Task instructions:
A line below contains "# Support cutout pattern: Support", and a later one contains "# Sketch17 →". Repeat both, with every line between them, exactly.

The records:

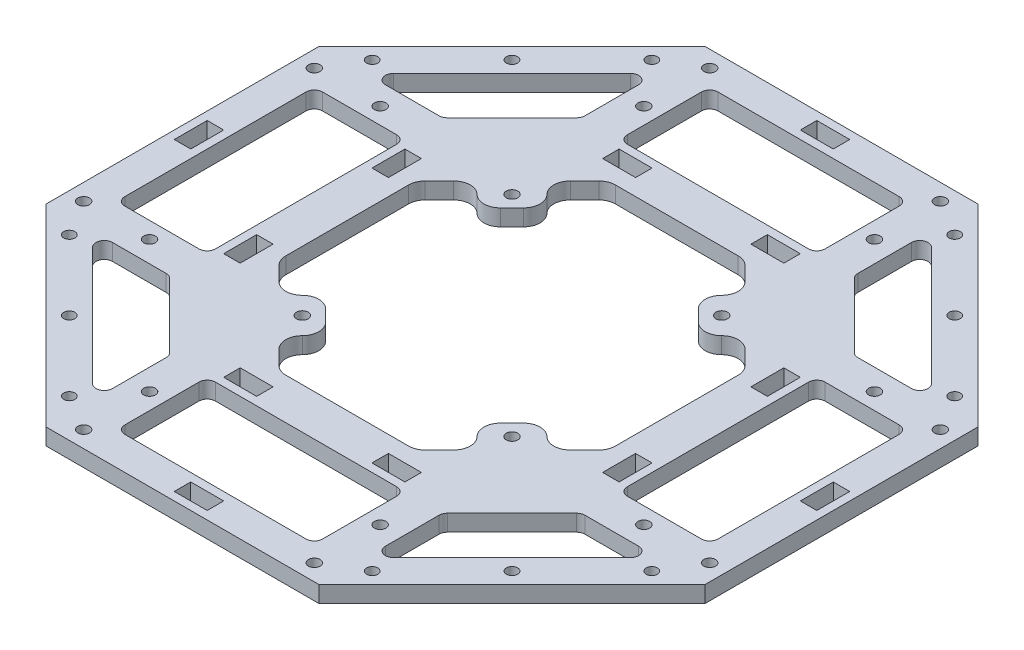
from build123d import *

# Parameters (mm, degrees)
BASE_DEPTH                                 = 6.35
WHEEL_CUTOUT_REACH                         = 181.717
SKETCH3_W                                  = 76.2
SKETCH3_H                                  = 34.925
WHEEL_CUTOUT_FILLETS_R                     = 3.175
WHEEL_CUTOUT_PATTERN_COUNT                 = 4
WHEEL_CUTOUT_FILLETS_OF_WHEEL_CUTOUT_PAT_R = 3.175
SUPPORT_CUTOUTS_REACH                      = 181.717
SKETCH4_W                                  = 12.7
SKETCH4_H                                  = 6.35
SUPPORT_CUTOUT_PATTERN_COUNT               = 4
LIGHTENING_HOLE_DEPTH                      = 180.717340566
FILLET2_R                                  = 3.175
LIGHTENING_HOLE_PATTERN_COUNT              = 4
FILLET2_OF_LIGHTENING_HOLE_PATTERN_R       = 3.175
CUT_EXTRUDE1_REACH                         = 181.717
LIGHT_SENSOR_MOUNT_DEPTH                   = 6.35
CIRPATTERN1_COUNT                          = 4
LINE_TRACKER_MOUNTING_HOLES_D              = 4.4958
CIRPATTERN2_COUNT                          = 4
FILLET3_R                                  = 6.35
ALIGNER_MOUNTING_HOLES_D                   = 4.4958
CIRPATTERN3_COUNT                          = 4
F_8_CLEARANCE_HOLE2_D                      = 4.3053
CIRPATTERN4_COUNT                          = 4


with BuildPart() as part:
    # Base sketch → Base (new body)
    with BuildSketch(Plane(origin=(0, 0, 0), x_dir=(1, 0, 0), z_dir=(0, 1, 0))):
        Polygon((-127, 52.605122421), (-127, -52.605122421), (-52.605122421, -127), (52.605122421, -127), (127, -52.605122421), (127, 52.605122421), (52.605122421, 127), (-52.605122421, 127), align=None)
    extrude(amount=BASE_DEPTH)

    # Sketch3 → Wheel cutout (cut, up to next)
    with BuildSketch(Plane(origin=(0, 6.35, 0), x_dir=(1, 0, 0), z_dir=(0, 1, 0)), mode=Mode.PRIVATE) as wheel_cutout_sk1:
        with Locations((0, 96.8375)):
            Rectangle(SKETCH3_W, SKETCH3_H)
    wheel_cutout_tool1 = extrude(wheel_cutout_sk1.sketch, amount=-WHEEL_CUTOUT_REACH, mode=Mode.PRIVATE) & part.part
    wheel_cutout = wheel_cutout_tool1.solids().sort_by_distance((0, 6.35, -96.8375))[0]
    add(wheel_cutout, mode=Mode.SUBTRACT)

    # Wheel cutout fillets
    wheel_cutout_fillets_edges = [part.edges().sort_by_distance(p)[0] for p in [
        (-38.1, 3.175, -79.375),
        (-38.1, 3.175, -114.3),
        (38.1, 3.175, -114.3),
        (38.1, 3.175, -79.375),
    ]]
    fillet(wheel_cutout_fillets_edges, radius=WHEEL_CUTOUT_FILLETS_R)

    # Wheel cutout pattern: Wheel cutout ×4 about axis
    wheel_cutout_pattern_axis = Axis((0, 0, 0), (0, 1, 0))
    for i in range(1, WHEEL_CUTOUT_PATTERN_COUNT):
        add(wheel_cutout.rotate(wheel_cutout_pattern_axis, i * 360 / WHEEL_CUTOUT_PATTERN_COUNT), mode=Mode.SUBTRACT)

    # Wheel cutout fillets of Wheel cutout pat
    wheel_cutout_fillets_of_wheel_cutout_pat_edges = [part.edges().sort_by_distance(p)[0] for p in [
        (-79.375, 3.175, 38.1),
        (-114.3, 3.175, 38.1),
        (-114.3, 3.175, -38.1),
        (-79.375, 3.175, -38.1),
        (38.1, 3.175, 79.375),
        (38.1, 3.175, 114.3),
        (-38.1, 3.175, 114.3),
        (-38.1, 3.175, 79.375),
        (79.375, 3.175, -38.1),
        (114.3, 3.175, -38.1),
        (114.3, 3.175, 38.1),
        (79.375, 3.175, 38.1),
    ]]
    fillet(wheel_cutout_fillets_of_wheel_cutout_pat_edges, radius=WHEEL_CUTOUT_FILLETS_OF_WHEEL_CUTOUT_PAT_R)

    # Sketch4 → Support cutouts (cut, up to next)
    with BuildSketch(Plane(origin=(0, 6.35, 0), x_dir=(1, 0, 0), z_dir=(0, 1, 0)), mode=Mode.PRIVATE) as support_cutouts_sk1:
        with Locations((28.575, 73.025)):
            Rectangle(SKETCH4_W, SKETCH4_H)
    support_cutouts_tool1 = extrude(support_cutouts_sk1.sketch, amount=-SUPPORT_CUTOUTS_REACH, mode=Mode.PRIVATE) & part.part
    # Sketch4 → Support cutouts (cut, up to next)
    with BuildSketch(Plane(origin=(0, 6.35, 0), x_dir=(1, 0, 0), z_dir=(0, 1, 0)), mode=Mode.PRIVATE) as support_cutouts_sk2:
        with Locations((-28.575, 73.025)):
            Rectangle(SKETCH4_W, SKETCH4_H)
    support_cutouts_tool2 = extrude(support_cutouts_sk2.sketch, amount=-SUPPORT_CUTOUTS_REACH, mode=Mode.PRIVATE) & part.part
    # Sketch4 → Support cutouts (cut, up to next)
    with BuildSketch(Plane(origin=(0, 6.35, 0), x_dir=(1, 0, 0), z_dir=(0, 1, 0)), mode=Mode.PRIVATE) as support_cutouts_sk3:
        with Locations((0, 120.65)):
            Rectangle(SKETCH4_W, SKETCH4_H)
    support_cutouts_tool3 = extrude(support_cutouts_sk3.sketch, amount=-SUPPORT_CUTOUTS_REACH, mode=Mode.PRIVATE) & part.part
    support_cutouts_1 = support_cutouts_tool1.solids().sort_by_distance((28.575, 6.35, -73.025))[0]
    add(support_cutouts_1, mode=Mode.SUBTRACT)
    support_cutouts_2 = support_cutouts_tool2.solids().sort_by_distance((-28.575, 6.35, -73.025))[0]
    add(support_cutouts_2, mode=Mode.SUBTRACT)
    support_cutouts_3 = support_cutouts_tool3.solids().sort_by_distance((0, 6.35, -120.65))[0]
    add(support_cutouts_3, mode=Mode.SUBTRACT)
    support_cutouts = support_cutouts_1 + support_cutouts_2 + support_cutouts_3  # Support cutouts as one shape, for the pattern or mirror that repeats it

    # Support cutout pattern: Support cutouts ×4 about axis
    support_cutout_pattern_axis = Axis((0, 0, 0), (0, 1, 0))
    for i in range(1, SUPPORT_CUTOUT_PATTERN_COUNT):
        add(support_cutouts.rotate(support_cutout_pattern_axis, i * 360 / SUPPORT_CUTOUT_PATTERN_COUNT), mode=Mode.SUBTRACT)

    # Sketch9 → Lightening hole (cut, through all)
    with BuildSketch(Plane(origin=(0, 6.35, 0), x_dir=(1, 0, 0), z_dir=(0, 1, 0))):
        Polygon((-109.039487758, 52.605122421), (-52.605122421, 109.039487758), (-52.605122421, 79.375), (-79.375, 52.605122421), align=None)
    lightening_hole = extrude(amount=-LIGHTENING_HOLE_DEPTH, mode=Mode.SUBTRACT)

    # Fillet2
    fillet2_edges = [part.edges().sort_by_distance(p)[0] for p in [
        (-79.375, 3.175, -52.605122421),
        (-109.039487758, 3.175, -52.605122421),
        (-52.605122421, 3.175, -109.039487758),
        (-52.605122421, 3.175, -79.375),
    ]]
    fillet(fillet2_edges, radius=FILLET2_R)

    # Lightening hole pattern: Lightening hole ×4 about axis
    lightening_hole_pattern_axis = Axis((0, 0, 0), (0, 1, 0))
    for i in range(1, LIGHTENING_HOLE_PATTERN_COUNT):
        add(lightening_hole.rotate(lightening_hole_pattern_axis, i * 360 / LIGHTENING_HOLE_PATTERN_COUNT), mode=Mode.SUBTRACT)

    # Fillet2 of Lightening hole pattern
    fillet2_of_lightening_hole_pattern_edges = [part.edges().sort_by_distance(p)[0] for p in [
        (-52.605122421, 3.175, 79.375),
        (-52.605122421, 3.175, 109.039487758),
        (-109.039487758, 3.175, 52.605122421),
        (-79.375, 3.175, 52.605122421),
        (79.375, 3.175, 52.605122421),
        (109.039487758, 3.175, 52.605122421),
        (52.605122421, 3.175, 109.039487758),
        (52.605122421, 3.175, 79.375),
        (52.605122421, 3.175, -79.375),
        (52.605122421, 3.175, -109.039487758),
        (109.039487758, 3.175, -52.605122421),
        (79.375, 3.175, -52.605122421),
    ]]
    fillet(fillet2_of_lightening_hole_pattern_edges, radius=FILLET2_OF_LIGHTENING_HOLE_PATTERN_R)

    # Sketch17 → Cut-Extrude1 (cut, up to next)
    with BuildSketch(Plane(origin=(0, 6.35, 0), x_dir=(1, 0, 0), z_dir=(0, 1, 0)), mode=Mode.PRIVATE) as cut_extrude1_sk1:
        Polygon((-63.5, 26.302561211), (-63.5, -26.302561211), (-26.302561211, -63.5), (26.302561211, -63.5), (63.5, -26.302561211), (63.5, 26.302561211), (26.302561211, 63.5), (-26.302561211, 63.5), align=None)
    cut_extrude1_tool1 = extrude(cut_extrude1_sk1.sketch, amount=-CUT_EXTRUDE1_REACH, mode=Mode.PRIVATE) & part.part
    add(cut_extrude1_tool1.solids().sort_by_distance((0, 6.35, 0))[0], mode=Mode.SUBTRACT)

    # Sketch18 → Light sensor mount (add, through all)
    with BuildSketch(Plane(origin=(0, 6.35, 0), x_dir=(1, 0, 0), z_dir=(0, 1, 0))):
        Polygon((-38.166088515, 51.636472696), (-29.185832393, 42.656216575), (-42.656216575, 29.185832393), (-51.636472696, 38.166088515), align=None)
    light_sensor_mount = extrude(amount=-LIGHT_SENSOR_MOUNT_DEPTH)

    # CirPattern1: Light sensor mount ×4 about axis
    cirpattern1_axis = Axis((0, 0, 0), (0, 1, 0))
    for i in range(1, CIRPATTERN1_COUNT):
        add(light_sensor_mount.rotate(cirpattern1_axis, i * 360 / CIRPATTERN1_COUNT))

    # Line tracker mounting holes (through all)
    with Locations(Plane(origin=(0, 6.35, 0), x_dir=(1, 0, 0), z_dir=(0, 1, 0))):
        with Locations((-40.411152545, 40.411152545)):
            line_tracker_mounting_holes = Hole(LINE_TRACKER_MOUNTING_HOLES_D / 2)

    # CirPattern2: Line tracker mounting holes ×4 about axis
    cirpattern2_axis = Axis((0, 0, 0), (0, 1, 0))
    for i in range(1, CIRPATTERN2_COUNT):
        add(line_tracker_mounting_holes.rotate(cirpattern2_axis, i * 360 / CIRPATTERN2_COUNT), mode=Mode.SUBTRACT)

    # Fillet3
    fillet3_edges = [part.edges().sort_by_distance(p)[0] for p in [
        (26.302561211, 3.175, -63.5),
        (38.166088515, 3.175, -51.636472696),
        (29.185832393, 3.175, -42.656216575),
        (42.656216575, 3.175, -29.185832393),
        (51.636472696, 3.175, -38.166088515),
        (63.5, 3.175, -26.302561211),
        (63.5, 3.175, 26.302561211),
        (51.636472696, 3.175, 38.166088515),
        (42.656216575, 3.175, 29.185832393),
        (29.185832393, 3.175, 42.656216575),
        (38.166088515, 3.175, 51.636472696),
        (26.302561211, 3.175, 63.5),
        (-26.302561211, 3.175, 63.5),
        (-38.166088515, 3.175, 51.636472696),
        (-29.185832393, 3.175, 42.656216575),
        (-42.656216575, 3.175, 29.185832393),
        (-51.636472696, 3.175, 38.166088515),
        (-63.5, 3.175, 26.302561211),
        (-63.5, 3.175, -26.302561211),
        (-51.636472696, 3.175, -38.166088515),
        (-29.185832393, 3.175, -42.656216575),
        (-38.166088515, 3.175, -51.636472696),
        (-26.302561211, 3.175, -63.5),
        (-42.656216575, 3.175, -29.185832393),
    ]]
    fillet(fillet3_edges, radius=FILLET3_R - 0.0001)  # a hair under: the kernel refuses the full size

    # Aligner mounting holes (through all)
    with Locations(Plane(origin=(0, 6.35, 0), x_dir=(1, 0, 0), z_dir=(0, 1, 0))):
        with Locations((-44.45, -95.25), (-44.45, -120.65), (44.45, -120.65), (44.45, -95.25)):
            aligner_mounting_holes = Hole(ALIGNER_MOUNTING_HOLES_D / 2)

    # CirPattern3: Aligner mounting holes ×4 about axis
    cirpattern3_axis = Axis((0, 0, 0), (0, 1, 0))
    for i in range(1, CIRPATTERN3_COUNT):
        add(aligner_mounting_holes.rotate(cirpattern3_axis, i * 360 / CIRPATTERN3_COUNT), mode=Mode.SUBTRACT)

    # #8 Clearance Hole2 (through all)
    with Locations(Plane(origin=(0, 6.35, 0), x_dir=(1, 0, 0), z_dir=(0, 1, 0))):
        with Locations((-58.371664787, 112.253201513), (-85.31243315, 85.31243315), (-112.253201513, 58.371664787)):
            f_8_clearance_hole2 = Hole(F_8_CLEARANCE_HOLE2_D / 2)

    # CirPattern4: #8 Clearance Hole2 ×4 about axis
    cirpattern4_axis = Axis((0, 0, 0), (0, 1, 0))
    for i in range(1, CIRPATTERN4_COUNT):
        add(f_8_clearance_hole2.rotate(cirpattern4_axis, i * 360 / CIRPATTERN4_COUNT), mode=Mode.SUBTRACT)


solid = part.part

Problem solution:
    # Support cutout pattern: Support cutouts ×4 about axis
    support_cutout_pattern_axis = Axis((0, 0, 0), (0, 1, 0))
    for i in range(1, SUPPORT_CUTOUT_PATTERN_COUNT):
        add(support_cutouts.rotate(support_cutout_pattern_axis, i * 360 / SUPPORT_CUTOUT_PATTERN_COUNT), mode=Mode.SUBTRACT)

    # Sketch9 → Lightening hole (cut, through all)
    with BuildSketch(Plane(origin=(0, 6.35, 0), x_dir=(1, 0, 0), z_dir=(0, 1, 0))):
        Polygon((-109.039487758, 52.605122421), (-52.605122421, 109.039487758), (-52.605122421, 79.375), (-79.375, 52.605122421), align=None)
    lightening_hole = extrude(amount=-LIGHTENING_HOLE_DEPTH, mode=Mode.SUBTRACT)

    # Fillet2
    fillet2_edges = [part.edges().sort_by_distance(p)[0] for p in [
        (-79.375, 3.175, -52.605122421),
        (-109.039487758, 3.175, -52.605122421),
        (-52.605122421, 3.175, -109.039487758),
        (-52.605122421, 3.175, -79.375),
    ]]
    fillet(fillet2_edges, radius=FILLET2_R)

    # Lightening hole pattern: Lightening hole ×4 about axis
    lightening_hole_pattern_axis = Axis((0, 0, 0), (0, 1, 0))
    for i in range(1, LIGHTENING_HOLE_PATTERN_COUNT):
        add(lightening_hole.rotate(lightening_hole_pattern_axis, i * 360 / LIGHTENING_HOLE_PATTERN_COUNT), mode=Mode.SUBTRACT)

    # Fillet2 of Lightening hole pattern
    fillet2_of_lightening_hole_pattern_edges = [part.edges().sort_by_distance(p)[0] for p in [
        (-52.605122421, 3.175, 79.375),
        (-52.605122421, 3.175, 109.039487758),
        (-109.039487758, 3.175, 52.605122421),
        (-79.375, 3.175, 52.605122421),
        (79.375, 3.175, 52.605122421),
        (109.039487758, 3.175, 52.605122421),
        (52.605122421, 3.175, 109.039487758),
        (52.605122421, 3.175, 79.375),
        (52.605122421, 3.175, -79.375),
        (52.605122421, 3.175, -109.039487758),
        (109.039487758, 3.175, -52.605122421),
        (79.375, 3.175, -52.605122421),
    ]]
    fillet(fillet2_of_lightening_hole_pattern_edges, radius=FILLET2_OF_LIGHTENING_HOLE_PATTERN_R)

    # Sketch17 → Cut-Extrude1 (cut, up to next)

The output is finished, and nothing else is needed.